最后，对探测器网络进行微调(RPN权重是固定的)。 CNN功能图将在两个网络之间共享(请参见下图)。

Region proposal network example — Faster R-CNN network

To sum up, Faster R-CNN is more accurate than the previous methods and is about 10 times faster than Fast-R-CNN, which is a big improvement and a start for real-time scoring.

综上所述，Faster R-CNN比以前的方法更准确，比Fast-R-CNN快10倍，这是一个很大的进步，并且是实时评分的起点。

Even still, region proposal detection models won’t be enough for an embedded system since these models are heavy and not fast enough for most real-time scoring cases — the last example is about five images per second.
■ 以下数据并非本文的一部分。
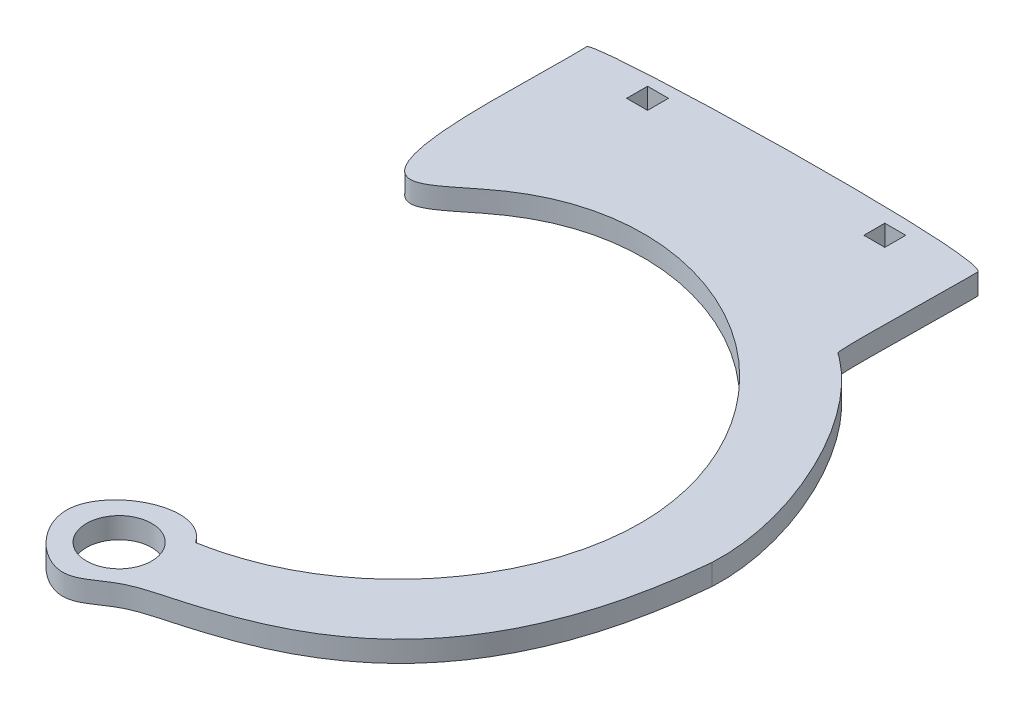
from build123d import *

# Parameters (mm, degrees)
BOSS_EXTRUDE1_DEPTH = 3
SKETCH2_R           = 4.675
CUT_EXTRUDE1_DEPTH  = 3
SKETCH3_W           = 3
SKETCH3_H           = 3
CUT_EXTRUDE2_DEPTH  = 158.536607671


with BuildPart() as part:
    # Sketch1 → Boss-Extrude1 (new body)
    with BuildSketch(Plane(origin=(0, 0, 0), x_dir=(1, 0, 0), z_dir=(0, 1, 0))):
        with BuildLine():
            add(Edge.make_bspline(
                [(5.521557484, -34.56171875), (23.441000999, -31.411738399), (44.462398529, -2.858835803), (20.37501589, 35.351246157), (-9.407254112, 38.543487929), (-30.226183483, 17.996603235), (-27.722542629, 45.347476833), (-28.043237247, 56.504189732), (28.011039588, 57.687968628), (27.966939535, 46.950288995), (27.653737943, 35.240695817), (37.551526977, 28.360483653), (45.587235651, 11.449809119), (45, 0)],
                knots=[0, 0, 0, 0, 0.082837565, 0.14873935, 0.208270658, 0.22410066, 0.277626869, 0.277626869, 0.285968064, 0.285968064, 0.310947599, 0.310947599, 1, 1, 1, 1], degree=3))
            add(Edge.make_bspline(
                [(45, 0), (41.835073021, -33.835409187), (19.767205368, -40.752570405), (4.477815504, -44.870859065), (-0.816124688, -50.460563609), (-14.262812638, -37.3251738), (1.754576266, -29.067892634), (5.521557484, -34.56171875)],
                knots=[0, 0, 0, 0, 0.439042234, 0.498130667, 0.590884333, 0.751564072, 1, 1, 1, 1], degree=3))
        make_face()
    extrude(amount=BOSS_EXTRUDE1_DEPTH)

    # Sketch2 → Cut-Extrude1 (cut)
    with BuildSketch(Plane(origin=(0, 3, 0), x_dir=(1, 0, 0), z_dir=(0, 1, 0))):
        with Locations(Location((0, -40, 0), (0, 0, 270))):
            Circle(SKETCH2_R)
    extrude(amount=-CUT_EXTRUDE1_DEPTH, mode=Mode.SUBTRACT)

    # Sketch3 → Cut-Extrude2 (cut, through all)
    with BuildSketch(Plane(origin=(-39.316746562, 9, -84.985711538), x_dir=(1, 0, 0), z_dir=(0, 1, 0))):
        with Locations((22.0910666, -32.023534202)):
            Rectangle(SKETCH3_W, SKETCH3_H)
        with Locations((56.0910666, -32.023534202)):
            Rectangle(SKETCH3_W, SKETCH3_H)
    extrude(amount=-CUT_EXTRUDE2_DEPTH, mode=Mode.SUBTRACT)


solid = part.part

即便如此，区域提议检测模型对于嵌入式系统还是不够的，因为这些模型很笨重，并且对于大多数实时评分情况而言不够快-最后一个例子是每秒约五张图像。

In our next post, we will discuss faster methods like SSD and real use cases with image detection from drones.

在我们的下一篇文章中，我们将讨论更快的方法，例如SSD和从无人机进行图像检测的实际用例。

We’re excited to be working on this topic for Dataiku DSS — check out the additional resources below to learn more:

我们很高兴能为Dataiku DSS致力于这个主题-请查看以下其他资源以了解更多信息：

Object Detection plugin for Dataiku DSS projects,
Dataiku DSS项目的对象检测插件，
a NATO challenge we won at Dataiku using Object Detection algorithm.
我们使用对象检测算法在Dataiku赢得了北约挑战。